I often reflect on the elements of corporate work that lead to my dissatisfaction, passions, and limited terms. There’s an angry young man in me that wants to blame the inequality and societal instability accelerants of modern American companies; my Marxist-socialist tendencies are in rich soil, as some of you know. But this is an over-convenient, incomplete explanation. I do like to think of myself as an intellectual-ethicist at odds with amoral and antimoral systems. The truth, though, was this: I was lacking the consistency and sanguinity needed to flourish in human groups.

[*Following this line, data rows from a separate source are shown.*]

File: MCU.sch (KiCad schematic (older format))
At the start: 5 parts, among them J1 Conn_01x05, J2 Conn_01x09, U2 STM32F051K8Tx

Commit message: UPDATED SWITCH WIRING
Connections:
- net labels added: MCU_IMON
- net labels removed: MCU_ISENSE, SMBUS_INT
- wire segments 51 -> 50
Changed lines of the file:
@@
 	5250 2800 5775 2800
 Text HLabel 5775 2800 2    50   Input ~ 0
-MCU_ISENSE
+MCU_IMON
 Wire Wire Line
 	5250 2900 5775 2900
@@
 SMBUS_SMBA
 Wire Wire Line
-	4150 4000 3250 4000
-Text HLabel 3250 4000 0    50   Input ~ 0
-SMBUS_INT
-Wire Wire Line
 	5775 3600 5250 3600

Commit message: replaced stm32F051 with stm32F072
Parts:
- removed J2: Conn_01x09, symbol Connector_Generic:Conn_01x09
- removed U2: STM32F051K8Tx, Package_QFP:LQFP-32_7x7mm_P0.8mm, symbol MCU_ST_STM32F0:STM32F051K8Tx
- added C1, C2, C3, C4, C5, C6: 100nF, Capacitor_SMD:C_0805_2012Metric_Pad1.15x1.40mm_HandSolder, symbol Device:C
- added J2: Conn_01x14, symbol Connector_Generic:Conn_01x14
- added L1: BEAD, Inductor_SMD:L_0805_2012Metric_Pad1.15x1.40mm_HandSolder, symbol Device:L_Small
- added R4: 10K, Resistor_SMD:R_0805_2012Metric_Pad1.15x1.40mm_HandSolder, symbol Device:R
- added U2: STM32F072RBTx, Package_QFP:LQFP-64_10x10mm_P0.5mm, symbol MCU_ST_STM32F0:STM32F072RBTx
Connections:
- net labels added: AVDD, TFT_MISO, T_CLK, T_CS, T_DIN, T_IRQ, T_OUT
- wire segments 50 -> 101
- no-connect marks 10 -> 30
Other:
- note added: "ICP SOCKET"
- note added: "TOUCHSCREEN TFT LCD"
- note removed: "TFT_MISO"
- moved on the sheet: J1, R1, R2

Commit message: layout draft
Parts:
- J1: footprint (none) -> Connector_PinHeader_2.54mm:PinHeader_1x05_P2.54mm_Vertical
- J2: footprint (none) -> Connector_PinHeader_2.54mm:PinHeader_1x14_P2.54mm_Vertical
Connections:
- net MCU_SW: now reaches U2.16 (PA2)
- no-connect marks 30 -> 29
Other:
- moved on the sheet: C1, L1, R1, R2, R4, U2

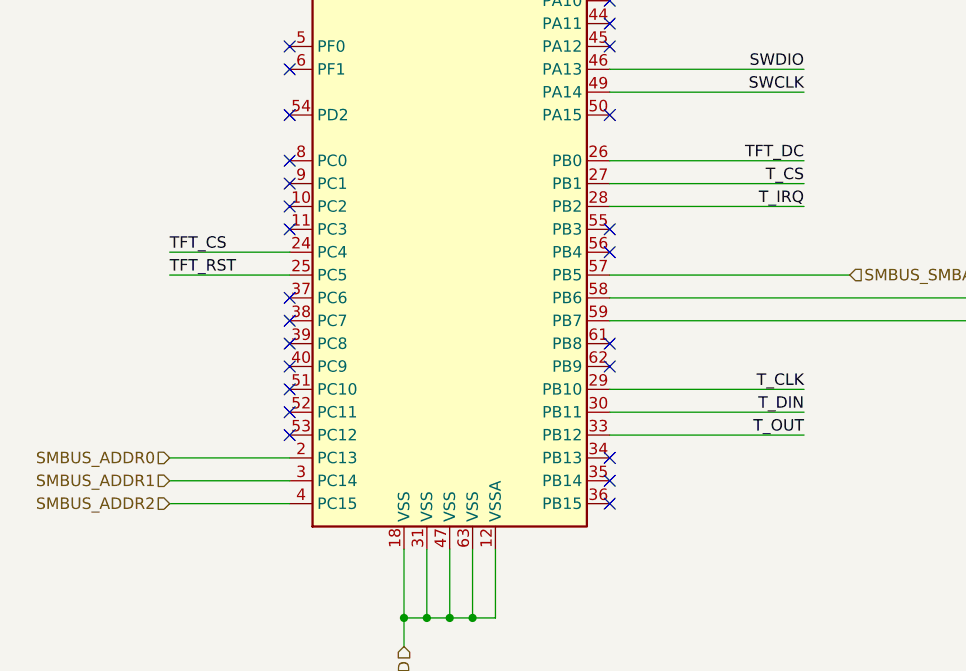
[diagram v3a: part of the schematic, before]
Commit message: moved SPI2 traces on MCU
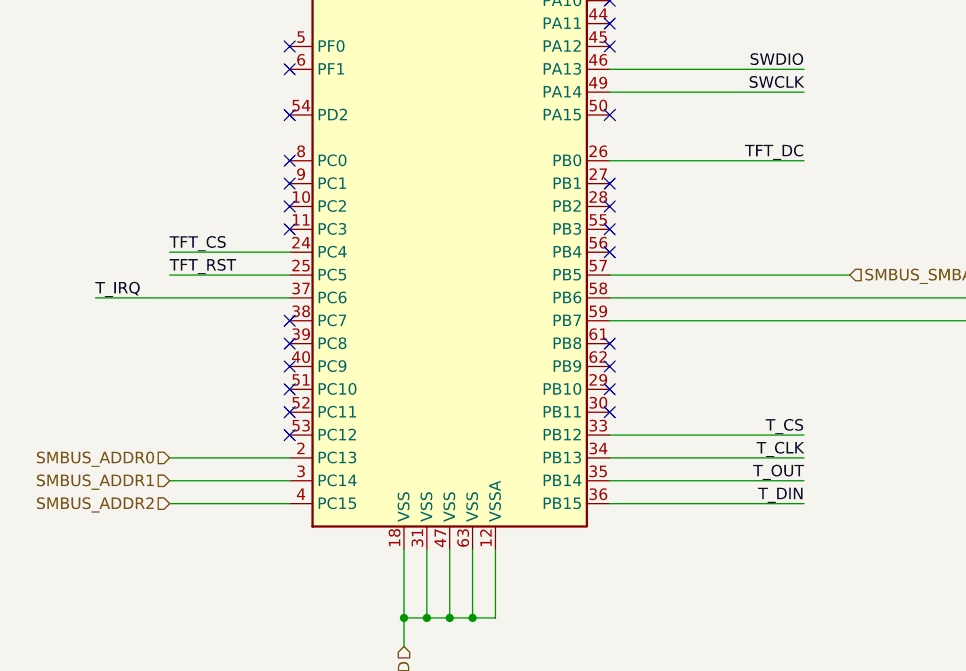
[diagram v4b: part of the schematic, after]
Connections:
- net T_CLK: now also U2.34 (PB13); no longer U2.29 (PB10)
- net T_CS: now also U2.33 (PB12); no longer U2.27 (PB1)
- net T_DIN: now also U2.36 (PB15); no longer U2.30 (PB11)
- net T_IRQ: now also U2.37 (PC6); no longer U2.28 (PB2)
- net T_OUT: now also U2.35 (PB14); no longer U2.33 (PB12)
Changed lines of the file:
@@
 TFT_MISO
 Wire Wire Line
-	4050 5350 4900 5350
-Wire Wire Line
-	4050 4450 4900 4450
-Wire Wire Line
-	4050 5450 4900 5450
+	4050 5650 4900 5650
 Wire Wire Line
 	4050 5550 4900 5550
 Wire Wire Line
-	4050 4550 4900 4550
-Text Label 4900 5350 2    50   ~ 0
+	4050 5850 4900 5850
+Wire Wire Line
+	4050 5750 4900 5750
+Wire Wire Line
+	2650 4950 1800 4950
+Text Label 4900 5650 2    50   ~ 0
 T_CLK
-Text Label 4900 4450 2    50   ~ 0
+Text Label 4900 5550 2    50   ~ 0
 T_CS
-Text Label 4900 5450 2    50   ~ 0
+Text Label 4900 5850 2    50   ~ 0
 T_DIN
-Text Label 4900 5550 2    50   ~ 0
+Text Label 4900 5750 2    50   ~ 0
 T_OUT
-Text Label 4900 4550 2    50   ~ 0
+Text Label 1800 4950 0    50   ~ 0
 T_IRQ
 NoConn ~ 4050 2950
@@
 NoConn ~ 4050 5150
 NoConn ~ 4050 5250
-NoConn ~ 4050 5650
-NoConn ~ 4050 5750
-NoConn ~ 4050 5850
 NoConn ~ 2650 5450
 NoConn ~ 2650 5350
@@
 NoConn ~ 2650 5150
 NoConn ~ 2650 5050
-NoConn ~ 2650 4950
+NoConn ~ 4050 4550
 NoConn ~ 2650 4650
 NoConn ~ 2650 4550
@@
 MCU_SW
 NoConn ~ 2650 5550
+NoConn ~ 4050 5350
+NoConn ~ 4050 5450
+NoConn ~ 4050 4450
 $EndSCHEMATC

When I say missing, I mean it in both the environmental sense and in the personal willing sense. A geographically peripatetic childhood, a choice-chock school experience, and an ill-fated first full-time job in consulting (of all inconsistent things) were external circumstances well-built for a chaotic focus on myself, untethered from long-term contributions to groups. And at the same time, I had developed mechanisms of evasion and anxiousness in my personality: fervent hope feared events might be luckily canceled; procrastination when tasks felt undoable; to quit was my most constant, faithful companion.
All this inconstancy developed and operated in concert with my emotional conductors: excitable peaks, sadness valleys, drunken rivers. If this reads like an antagonistic resume, a cover letter with the watermark do not hire, that is very fine. I was able to jog along this thin ice by bluster and phraseology hoovered in from that most evasive, escapist activity: reading. There comes a time when one must, in that cliché way, look closely at oneself in a flat, clean mirror. My father’s death and one more job shattered the reflected image — I had real work to do.
It was finally the midnight of self-understanding, constancy, and accord. And five and a half hours from dawn, I changed course. I wrote in notebooks nearly every day, streams and oceans of consciousness. I found small groups that I could show up to regularly and contribute to. I overturned the maggoted rocks in my mind, sowed seeds, watered, and waited. And I will keep doing these things.
I had found an image of the active human, the leader, the one who is interested and engaged and astute; it seemed that to emulate these qualities, these aspirations, would make my self-fulfilled prophesy and result in that ultimate sweetness: an upward spiral of belonging. This false path to a true idyll took me caterwauling for many years. It is only recently, in consistent & sanguine actions & relationships, that I find mutuality’s sustained & sustainable glow.
Besides being interested, engaged, and astute you are also interesting. I love the “upward spiral of belonging” image. Congratulations on your continuing growth and development.